Presentation on theme: "1. Handouts: * Interpreting a Timeline * Two blank sheets of white paper 2. Assignments: * In-class—Examine timelines using today’s handout and text pp."— Presentation transcript:
1. Handouts: * Interpreting a Timeline * Two blank sheets of white paper 2. Assignments: * In-class—Examine timelines using today’s handout and text pp. 24-25. 1) Create a personal timeline. Hand it in by end of the period. 2) Create a timeline over chapter 1 events. Finish at home. * Homework—1) Create a timeline over Ch. 1 events, due tomorrow BOC You will hand this in tomorrow for a grade/points. 2) STUDY for quiz over Chapter 1 (the homework will help) 3) Bring a PEN with dark colored ink tomorrow for your quiz. [Current Events over a sports news story is due Sept. 18.] 3. Assignments due today: * Did you finish reading your Current Events guidelines at home? 4. Bell Ringer: * See board
Outcomes: Be able to... 1. Describe a timeline. 2. Explain the purpose of a timeline and how to read one. 3. State the pivotal event that is the “dividing line” in timelines and explain why it is used. 4. Indicate two different sets of labels used to indicate the periods before and after the “0” year. 5. Explain how to indicate which century is the first, second, third, etc.

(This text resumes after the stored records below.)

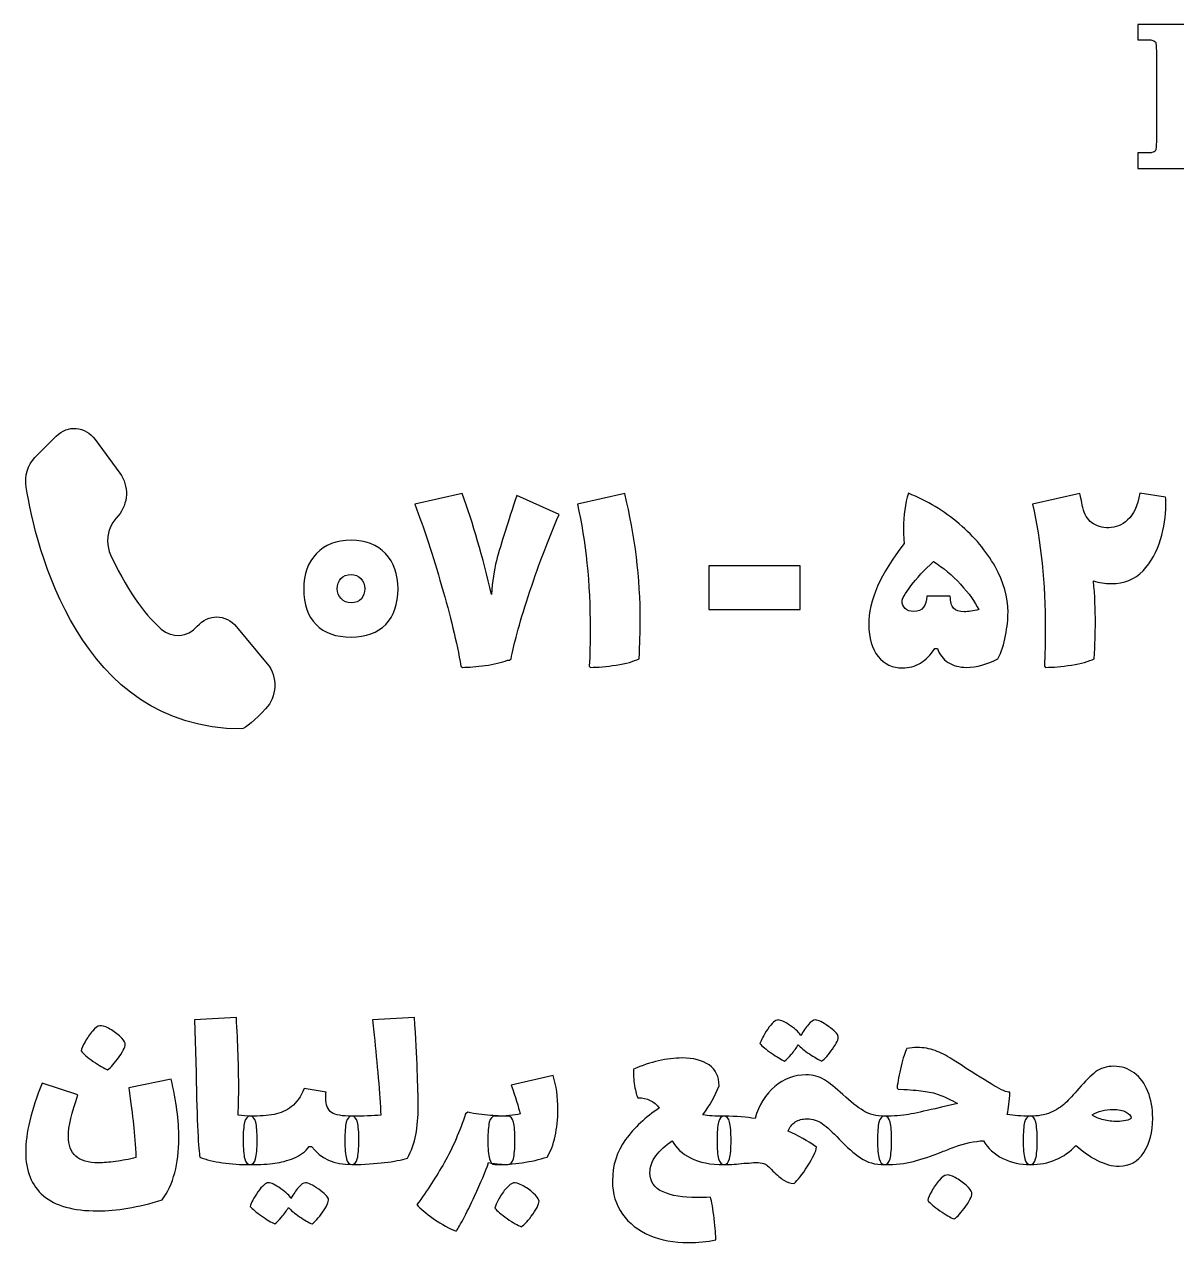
# Model space of a CAD drawing. Header units: millimetres. Extents: x -28.3 to 31.7, y -30.6 to 29.7.
# Drawn here: x -28.29 to -11.67, y -28.65 to -11.07 of the extents above; entities that cross this region are included whole.
import ezdxf

# ---------------------------------------------------------------- set-up
doc = ezdxf.new("R2010")
doc.units = ezdxf.units.MM
doc.header["$MEASUREMENT"] = 0
doc.layers.add('Layer 1', color=7, linetype='Continuous')

msp = doc.modelspace()

# ---------------------------------------------------------------- linework, layer by layer
at = {"layer": 'Layer 1', "color": 250}
for points, knots in [([(-10.2319, -11.3753), (-10.2747, -11.407), (-10.33, -11.4502), (-10.3974, -11.5044), (-10.3974, -11.5044), (-10.8884, -11.8986), (-10.8884, -11.8986), (-10.8884, -11.8986), (-10.2706, -12.6724), (-10.2706, -12.6724), (-10.2257, -12.7283), (-10.1841, -12.7751), (-10.146, -12.8122), (-10.1099, -12.8477), (-10.0774, -12.8742), (-10.0482, -12.8919), (-10.0304, -12.9031), (-10.0119, -12.9116), (-9.9932, -12.9169), (-9.9749, -12.9219), (-9.9555, -12.9247), (-9.9355, -12.9247), (-9.9355, -12.9247), (-9.8503, -12.9247), (-9.8503, -12.9247), (-9.8503, -12.9247), (-9.8503, -13.1477), (-9.8503, -13.1477), (-9.8503, -13.1477), (-11.0128, -13.1477), (-11.0128, -13.1477), (-11.0128, -13.1477), (-11.0128, -12.9328), (-11.0128, -12.9328), (-11.0128, -12.9328), (-10.9354, -12.9254), (-10.9354, -12.9254), (-10.9096, -12.9229), (-10.8882, -12.9195), (-10.8716, -12.9154), (-10.8716, -12.9154), (-10.8697, -12.915), (-10.8697, -12.915), (-10.8697, -12.915), (-10.885, -12.8867), (-10.885, -12.8867), (-10.9037, -12.8538), (-10.9339, -12.8112), (-10.9751, -12.7587), (-10.9751, -12.7587), (-11.3312, -12.313), (-11.3312, -12.313), (-11.3312, -12.313), (-11.3312, -12.7359), (-11.3312, -12.7359), (-11.3312, -12.7856), (-11.3299, -12.8236), (-11.3276, -12.8496), (-11.3257, -12.8694), (-11.324, -12.8812), (-11.3227, -12.8844), (-11.3227, -12.8844), (-11.3154, -12.8938), (-11.3154, -12.8938), (-11.3098, -12.8989), (-11.3025, -12.9042), (-11.2934, -12.9091), (-11.2857, -12.9134), (-11.274, -12.9168), (-11.2585, -12.9195), (-11.2381, -12.9229), (-11.2121, -12.9247), (-11.1808, -12.9247), (-11.1808, -12.9247), (-11.0956, -12.9247), (-11.0956, -12.9247), (-11.0956, -12.9247), (-11.0956, -13.1477), (-11.0956, -13.1477), (-11.0956, -13.1477), (-12.2284, -13.1477), (-12.2284, -13.1477), (-12.2284, -13.1477), (-12.2284, -12.9247), (-12.2284, -12.9247), (-12.2284, -12.9247), (-12.0802, -12.9247), (-12.0802, -12.9247), (-12.0575, -12.9247), (-12.0383, -12.923), (-12.0229, -12.9196), (-12.0092, -12.9166), (-11.9977, -12.9122), (-11.9886, -12.907), (-11.9886, -12.907), (-11.9785, -12.8992), (-11.9785, -12.8992), (-11.975, -12.8949), (-11.9717, -12.8891), (-11.9689, -12.8824), (-11.9689, -12.8824), (-11.9675, -12.8794), (-11.9675, -12.8794), (-11.966, -12.876), (-11.9643, -12.8644), (-11.9626, -12.8444), (-11.9605, -12.82), (-11.9592, -12.7836), (-11.9592, -12.7359), (-11.9592, -12.7359), (-11.9592, -11.4817), (-11.9592, -11.4817), (-11.9592, -11.4353), (-11.9605, -11.398), (-11.963, -11.3704), (-11.9647, -11.3492), (-11.9665, -11.3368), (-11.9679, -11.3337), (-11.9679, -11.3337), (-11.9737, -11.3255), (-11.9737, -11.3255), (-11.9794, -11.3197), (-11.9869, -11.3142), (-11.9958, -11.3089), (-12.0042, -11.304), (-12.0142, -11.3002), (-12.0265, -11.2976), (-12.0405, -11.2945), (-12.0587, -11.2929), (-12.0802, -11.2929), (-12.0802, -11.2929), (-12.2284, -11.2929), (-12.2284, -11.2929), (-12.2284, -11.2929), (-12.2284, -11.07), (-12.2284, -11.07), (-12.2284, -11.07), (-11.1094, -11.07), (-11.1094, -11.07), (-11.1094, -11.07), (-11.1094, -11.2929), (-11.1094, -11.2929), (-11.1094, -11.2929), (-11.1947, -11.2929), (-11.1947, -11.2929), (-11.222, -11.2929), (-11.2451, -11.2948), (-11.2633, -11.2981), (-11.2784, -11.301), (-11.2906, -11.3049), (-11.2996, -11.3096), (-11.2996, -11.3096), (-11.3099, -11.3182), (-11.3099, -11.3182), (-11.3143, -11.3233), (-11.3185, -11.3297), (-11.3218, -11.3372), (-11.3218, -11.3372), (-11.3276, -11.3724), (-11.3276, -11.3724), (-11.3299, -11.3977), (-11.3312, -11.4342), (-11.3312, -11.4817), (-11.3312, -11.4817), (-11.3312, -11.8971), (-11.3312, -11.8971), (-11.3312, -11.8971), (-10.7629, -11.4369), (-10.7629, -11.4369), (-10.7184, -11.4014), (-10.6858, -11.3704), (-10.665, -11.3437), (-10.6526, -11.3272), (-10.6462, -11.3166), (-10.6462, -11.3123), (-10.6462, -11.3123), (-10.6581, -11.3042), (-10.6581, -11.3042), (-10.6581, -11.3042), (-10.6863, -11.2994), (-10.6863, -11.2994), (-10.7115, -11.2966), (-10.7426, -11.2942), (-10.7791, -11.2925), (-10.7791, -11.2925), (-10.8609, -11.2887), (-10.8609, -11.2887), (-10.8609, -11.2887), (-10.8609, -11.07), (-10.8609, -11.07), (-10.8609, -11.07), (-9.9462, -11.07), (-9.9462, -11.07), (-9.9462, -11.07), (-9.9462, -11.2865), (-9.9462, -11.2865), (-9.9462, -11.2865), (-10.0255, -11.2925), (-10.0255, -11.2925), (-10.0544, -11.2947), (-10.0798, -11.2982), (-10.1015, -11.3031), (-10.1208, -11.3075), (-10.137, -11.313), (-10.1497, -11.3194), (-10.164, -11.3267), (-10.1916, -11.3455), (-10.2319, -11.3753)], [0, 0, 0, 0, 0.0144928, 0.0144928, 0.0144928, 0.0289855, 0.0289855, 0.0289855, 0.0434783, 0.0434783, 0.0434783, 0.057971, 0.057971, 0.057971, 0.0724638, 0.0724638, 0.0724638, 0.0869565, 0.0869565, 0.0869565, 0.1014493, 0.1014493, 0.1014493, 0.115942, 0.115942, 0.115942, 0.1304348, 0.1304348, 0.1304348, 0.1449275, 0.1449275, 0.1449275, 0.1594203, 0.1594203, 0.1594203, 0.173913, 0.173913, 0.173913, 0.1884058, 0.1884058, 0.1884058, 0.2028986, 0.2028986, 0.2028986, 0.2173913, 0.2173913, 0.2173913, 0.2318841, 0.2318841, 0.2318841, 0.2463768, 0.2463768, 0.2463768, 0.2608696, 0.2608696, 0.2608696, 0.2753623, 0.2753623, 0.2753623, 0.2898551, 0.2898551, 0.2898551, 0.3043478, 0.3043478, 0.3043478, 0.3188406, 0.3188406, 0.3188406, 0.3333333, 0.3333333, 0.3333333, 0.3478261, 0.3478261, 0.3478261, 0.3623188, 0.3623188, 0.3623188, 0.3768116, 0.3768116, 0.3768116, 0.3913043, 0.3913043, 0.3913043, 0.4057971, 0.4057971, 0.4057971, 0.4202899, 0.4202899, 0.4202899, 0.4347826, 0.4347826, 0.4347826, 0.4492754, 0.4492754, 0.4492754, 0.4637681, 0.4637681, 0.4637681, 0.4782609, 0.4782609, 0.4782609, 0.4927536, 0.4927536, 0.4927536, 0.5072464, 0.5072464, 0.5072464, 0.5217391, 0.5217391, 0.5217391, 0.5362319, 0.5362319, 0.5362319, 0.5507246, 0.5507246, 0.5507246, 0.5652174, 0.5652174, 0.5652174, 0.5797101, 0.5797101, 0.5797101, 0.5942029, 0.5942029, 0.5942029, 0.6086957, 0.6086957, 0.6086957, 0.6231884, 0.6231884, 0.6231884, 0.6376812, 0.6376812, 0.6376812, 0.6521739, 0.6521739, 0.6521739, 0.6666667, 0.6666667, 0.6666667, 0.6811594, 0.6811594, 0.6811594, 0.6956522, 0.6956522, 0.6956522, 0.7101449, 0.7101449, 0.7101449, 0.7246377, 0.7246377, 0.7246377, 0.7391304, 0.7391304, 0.7391304, 0.7536232, 0.7536232, 0.7536232, 0.7681159, 0.7681159, 0.7681159, 0.7826087, 0.7826087, 0.7826087, 0.7971014, 0.7971014, 0.7971014, 0.8115942, 0.8115942, 0.8115942, 0.826087, 0.826087, 0.826087, 0.8405797, 0.8405797, 0.8405797, 0.8550725, 0.8550725, 0.8550725, 0.8695652, 0.8695652, 0.8695652, 0.884058, 0.884058, 0.884058, 0.8985507, 0.8985507, 0.8985507, 0.9130435, 0.9130435, 0.9130435, 0.9275362, 0.9275362, 0.9275362, 0.942029, 0.942029, 0.942029, 0.9565217, 0.9565217, 0.9565217, 0.9710145, 0.9710145, 0.9710145, 0.9855072, 0.9855072, 0.9855072, 1, 1, 1, 1]), ([(-26.9712, -18.1984), (-26.9712, -18.1984), (-26.9365, -18.1596), (-26.9365, -18.1596), (-26.7891, -17.993), (-26.7785, -17.7248), (-26.9118, -17.5431), (-26.9118, -17.5431), (-27.2674, -17.0599), (-27.2674, -17.0599), (-27.4108, -16.865), (-27.6651, -16.8441), (-27.8314, -17.0122), (-27.8314, -17.0122), (-28.1369, -17.3208), (-28.1369, -17.3208), (-28.2424, -17.4273), (-28.2902, -17.5885), (-28.2643, -17.7463), (-28.1259, -18.5975), (-27.5077, -21.2339), (-25.1579, -21.2339), (-25.105, -21.2339), (-24.9537, -21.0933), (-24.8109, -20.947), (-24.6434, -20.7761), (-24.6321, -20.4802), (-24.7864, -20.294), (-24.7864, -20.294), (-25.2304, -19.7598), (-25.2304, -19.7598), (-25.3837, -19.5751), (-25.6381, -19.5718), (-25.7958, -19.7529), (-25.7958, -19.7529), (-25.7958, -19.7529), (-25.7958, -19.7529), (-25.936, -19.9136), (-26.1573, -19.9322), (-26.315, -19.7941), (-26.505, -19.6289), (-26.7628, -19.3194), (-27.0386, -18.7454), (-27.1247, -18.5667), (-27.0978, -18.3419), (-26.9712, -18.1984)], [0, 0, 0, 0, 0.0666667, 0.0666667, 0.0666667, 0.1333333, 0.1333333, 0.1333333, 0.2, 0.2, 0.2, 0.2666667, 0.2666667, 0.2666667, 0.3333333, 0.3333333, 0.3333333, 0.4, 0.4, 0.4, 0.4666667, 0.4666667, 0.4666667, 0.5333333, 0.5333333, 0.5333333, 0.6, 0.6, 0.6, 0.6666667, 0.6666667, 0.6666667, 0.7333333, 0.7333333, 0.7333333, 0.8, 0.8, 0.8, 0.8666667, 0.8666667, 0.8666667, 0.9333333, 0.9333333, 0.9333333, 1, 1, 1, 1]), ([(-20.5766, -18.1431), (-20.7412, -18.522), (-20.8896, -18.9157), (-21.0217, -19.324), (-21.1539, -19.7324), (-21.2362, -20.032), (-21.2685, -20.2229), (-21.2685, -20.2229), (-21.2906, -20.245), (-21.2906, -20.245), (-21.2906, -20.245), (-21.3214, -20.245), (-21.3214, -20.245), (-21.4066, -20.2772), (-21.513, -20.3022), (-21.6409, -20.3199), (-21.7686, -20.3375), (-21.8781, -20.3463), (-21.9691, -20.3463), (-21.9691, -20.3463), (-21.9912, -20.3287), (-21.9912, -20.3287), (-22.0528, -19.9879), (-22.1461, -19.6016), (-22.271, -19.1698), (-22.3958, -18.738), (-22.5243, -18.3457), (-22.6566, -17.9933), (-22.6566, -17.9933), (-21.9735, -17.8391), (-21.9735, -17.8391), (-21.8178, -18.2679), (-21.6768, -18.7541), (-21.5505, -19.2976), (-21.5387, -19.1037), (-21.5153, -18.9406), (-21.48, -18.8085), (-21.4124, -18.5587), (-21.314, -18.2445), (-21.1848, -17.8654), (-21.1848, -17.8654), (-20.5766, -18.1431), (-20.5766, -18.1431)], [0, 0, 0, 0, 0.0714286, 0.0714286, 0.0714286, 0.1428571, 0.1428571, 0.1428571, 0.2142857, 0.2142857, 0.2142857, 0.2857143, 0.2857143, 0.2857143, 0.3571429, 0.3571429, 0.3571429, 0.4285714, 0.4285714, 0.4285714, 0.5, 0.5, 0.5, 0.5714286, 0.5714286, 0.5714286, 0.6428571, 0.6428571, 0.6428571, 0.7142857, 0.7142857, 0.7142857, 0.7857143, 0.7857143, 0.7857143, 0.8571429, 0.8571429, 0.8571429, 0.9285714, 0.9285714, 0.9285714, 1, 1, 1, 1]), ([(-20.1405, -20.3287), (-20.1316, -20.1641), (-20.1272, -19.9865), (-20.1272, -19.7954), (-20.1272, -19.1286), (-20.1889, -18.5279), (-20.3123, -17.9933), (-20.3123, -17.9933), (-19.6293, -17.8391), (-19.6293, -17.8391), (-19.4795, -18.4471), (-19.4046, -19.0597), (-19.4046, -19.6765), (-19.4046, -19.8234), (-19.4105, -20.0055), (-19.4222, -20.2229), (-19.4986, -20.2611), (-19.608, -20.2912), (-19.7505, -20.3133), (-19.8929, -20.3353), (-20.017, -20.3463), (-20.1228, -20.3463), (-20.1228, -20.3463), (-20.1405, -20.3287), (-20.1405, -20.3287)], [0, 0, 0, 0, 0.125, 0.125, 0.125, 0.25, 0.25, 0.25, 0.375, 0.375, 0.375, 0.5, 0.5, 0.5, 0.625, 0.625, 0.625, 0.75, 0.75, 0.75, 0.875, 0.875, 0.875, 1, 1, 1, 1]), ([(-15.5357, -17.8347), (-15.2654, -17.9433), (-15.0208, -18.0909), (-14.802, -18.2775), (-14.5832, -18.464), (-14.4113, -18.6689), (-14.2865, -18.8922), (-14.1616, -19.1154), (-14.0992, -19.3343), (-14.0992, -19.5488), (-14.0992, -19.6516), (-14.1109, -19.7647), (-14.1345, -19.888), (-14.158, -20.0114), (-14.1947, -20.123), (-14.2446, -20.2229), (-14.4003, -20.3052), (-14.5516, -20.3463), (-14.6985, -20.3463), (-14.8013, -20.3463), (-14.8894, -20.3228), (-14.9628, -20.2758), (-15.0363, -20.2288), (-15.0877, -20.1612), (-15.117, -20.0731), (-15.117, -20.0731), (-15.1568, -20.0731), (-15.1568, -20.0731), (-15.2184, -20.1701), (-15.2875, -20.2413), (-15.3638, -20.2868), (-15.4402, -20.3323), (-15.5269, -20.3552), (-15.6238, -20.3552), (-15.7648, -20.3552), (-15.8809, -20.3001), (-15.972, -20.1899), (-16.063, -20.0797), (-16.1085, -19.9262), (-16.1085, -19.7294), (-16.1085, -19.3827), (-15.9382, -18.9935), (-15.5973, -18.5617), (-15.6033, -18.5118), (-15.6062, -18.4383), (-15.6062, -18.3413), (-15.6062, -18.1533), (-15.5827, -17.9845), (-15.5357, -17.8347)], [0, 0, 0, 0, 0.0625, 0.0625, 0.0625, 0.125, 0.125, 0.125, 0.1875, 0.1875, 0.1875, 0.25, 0.25, 0.25, 0.3125, 0.3125, 0.3125, 0.375, 0.375, 0.375, 0.4375, 0.4375, 0.4375, 0.5, 0.5, 0.5, 0.5625, 0.5625, 0.5625, 0.625, 0.625, 0.625, 0.6875, 0.6875, 0.6875, 0.75, 0.75, 0.75, 0.8125, 0.8125, 0.8125, 0.875, 0.875, 0.875, 0.9375, 0.9375, 0.9375, 1, 1, 1, 1]), ([(-11.8254, -17.8919), (-11.8225, -17.9125), (-11.821, -17.9507), (-11.821, -18.0065), (-11.821, -18.1621), (-11.8467, -18.3274), (-11.8982, -18.5022), (-11.9496, -18.677), (-12.034, -18.8268), (-12.1515, -18.9516), (-12.269, -19.0766), (-12.4218, -19.139), (-12.6099, -19.139), (-12.7009, -19.139), (-12.786, -19.1257), (-12.8653, -19.0993), (-12.8478, -19.3137), (-12.839, -19.5164), (-12.839, -19.7074), (-12.839, -19.8396), (-12.8448, -20.0114), (-12.8566, -20.2229), (-12.9329, -20.2611), (-13.0424, -20.2912), (-13.1849, -20.3133), (-13.3273, -20.3353), (-13.4514, -20.3463), (-13.5572, -20.3463), (-13.5572, -20.3463), (-13.5749, -20.3287), (-13.5749, -20.3287), (-13.566, -20.1641), (-13.5616, -19.9865), (-13.5616, -19.7954), (-13.5616, -19.1286), (-13.6233, -18.5279), (-13.7466, -17.9933), (-13.7466, -17.9933), (-13.0637, -17.8391), (-13.0637, -17.8391), (-13.0608, -17.8596), (-13.0534, -17.8934), (-13.0416, -17.9403), (-13.0299, -17.9874), (-13.0226, -18.0212), (-13.0196, -18.0417), (-12.999, -18.1387), (-12.9557, -18.2114), (-12.8897, -18.2599), (-12.8235, -18.3083), (-12.742, -18.3326), (-12.645, -18.3326), (-12.5481, -18.3326), (-12.4578, -18.2951), (-12.3741, -18.2202), (-12.2903, -18.1452), (-12.2308, -18.0167), (-12.1956, -17.8347), (-12.1956, -17.8347), (-11.8254, -17.8919), (-11.8254, -17.8919)], [0, 0, 0, 0, 0.05, 0.05, 0.05, 0.1, 0.1, 0.1, 0.15, 0.15, 0.15, 0.2, 0.2, 0.2, 0.25, 0.25, 0.25, 0.3, 0.3, 0.3, 0.35, 0.35, 0.35, 0.4, 0.4, 0.4, 0.45, 0.45, 0.45, 0.5, 0.5, 0.5, 0.55, 0.55, 0.55, 0.6, 0.6, 0.6, 0.65, 0.65, 0.65, 0.7, 0.7, 0.7, 0.75, 0.75, 0.75, 0.8, 0.8, 0.8, 0.85, 0.85, 0.85, 0.9, 0.9, 0.9, 0.95, 0.95, 0.95, 1, 1, 1, 1]), ([(-23.5774, -19.9101), (-23.7948, -19.9101), (-23.963, -19.8498), (-24.082, -19.7294), (-24.201, -19.6089), (-24.2605, -19.4371), (-24.2605, -19.2139), (-24.2605, -19.0023), (-24.1995, -18.8327), (-24.0775, -18.7049), (-23.9557, -18.5771), (-23.7889, -18.5132), (-23.5774, -18.5132), (-23.366, -18.5132), (-23.1999, -18.5771), (-23.0795, -18.7049), (-22.9591, -18.8327), (-22.8989, -19.0023), (-22.8989, -19.2139), (-22.8989, -19.4342), (-22.9583, -19.6053), (-23.0773, -19.7272), (-23.1963, -19.8491), (-23.363, -19.9101), (-23.5774, -19.9101)], [0, 0, 0, 0, 0.125, 0.125, 0.125, 0.25, 0.25, 0.25, 0.375, 0.375, 0.375, 0.5, 0.5, 0.5, 0.625, 0.625, 0.625, 0.75, 0.75, 0.75, 0.875, 0.875, 0.875, 1, 1, 1, 1]), ([(-18.4175, -18.8834), (-18.4175, -18.8834), (-17.0956, -18.8834), (-17.0956, -18.8834), (-17.0956, -18.8834), (-17.0956, -19.5135), (-17.0956, -19.5135), (-17.0956, -19.5135), (-18.4175, -19.5135), (-18.4175, -19.5135), (-18.4175, -19.5135), (-18.4175, -18.8834), (-18.4175, -18.8834)], [0, 0, 0, 0, 0.25, 0.25, 0.25, 0.5, 0.5, 0.5, 0.75, 0.75, 0.75, 1, 1, 1, 1]), ([(-14.7337, -19.5444), (-14.672, -19.5444), (-14.6016, -19.534), (-14.5222, -19.5135), (-14.5751, -19.4019), (-14.6625, -19.28), (-14.7844, -19.1478), (-14.9063, -19.0155), (-15.0363, -18.9068), (-15.1744, -18.8217), (-15.3066, -18.9421), (-15.4153, -19.0589), (-15.5005, -19.172), (-15.5856, -19.2851), (-15.6282, -19.3593), (-15.6282, -19.3945), (-15.6282, -19.4327), (-15.6136, -19.4665), (-15.5842, -19.4958), (-15.5548, -19.5252), (-15.5136, -19.54), (-15.4608, -19.54), (-15.3962, -19.54), (-15.3484, -19.5201), (-15.3175, -19.4804), (-15.2868, -19.4407), (-15.2713, -19.3871), (-15.2713, -19.3196), (-15.2713, -19.3196), (-14.932, -19.3196), (-14.932, -19.3196), (-14.932, -19.4019), (-14.9159, -19.4599), (-14.8835, -19.4937), (-14.8512, -19.5275), (-14.8013, -19.5444), (-14.7337, -19.5444)], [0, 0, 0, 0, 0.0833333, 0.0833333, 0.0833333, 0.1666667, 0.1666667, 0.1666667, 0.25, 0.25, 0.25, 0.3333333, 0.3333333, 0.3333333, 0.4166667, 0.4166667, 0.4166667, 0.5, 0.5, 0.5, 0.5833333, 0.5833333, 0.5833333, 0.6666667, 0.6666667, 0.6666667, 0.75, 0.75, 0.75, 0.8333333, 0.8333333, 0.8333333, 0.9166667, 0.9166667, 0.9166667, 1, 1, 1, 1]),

Starter #1 Bell-ringer follow-up: Describe a timeline. A timeline is a simple diagram that shows how the dates of key events relate to one another. It often has three main components: 1) The names of important events 2) The dates of those events 3) A simple symbolic illustration of the event.
Starter #2 We will learn about timelines by looking at one that highlights the world’s three great monotheistic religions (see handout). What does “monotheistic” mean? “Mono” is the Greek root for “one.” “Theo” is the Greek root for “God.” So, put those meanings together and what do you get? Our Timeline features the three great (major) religions that all believe in “one God.”
Starter #3 Let’s analyze the timeline on our handout.... We read timelines from left to right, like reading pages in a book. Look at the numbers that serve as dates. What pattern do you see? Notice that some numbers get smaller, while other numbers are getting larger? Why? Notice also there are two different ways to designate the dates before and after the “0” point. What are those two different designations and what do they stand for? What do people mean when they say something like, “It happened in the 18th century”? (See bottom of handout for a hint.)
Starter #4 You will create two timelines today. 1)In-class assignment: Do a personal timeline of major events in your life. Hand it in at the end of the period. 2)Homework: Create a timeline over Chapter 1. Find events for which dates are given and organize them into chronological order. Providing simple illustrations on top is optional. (What does “optional” mean?) You may do that if you wish, but you don’t have to. I would love to see you do illustrations, but I don’t want to overwhelm you time-wise. Your timeline over chapter 1 is due tomorrow, BOC, for points.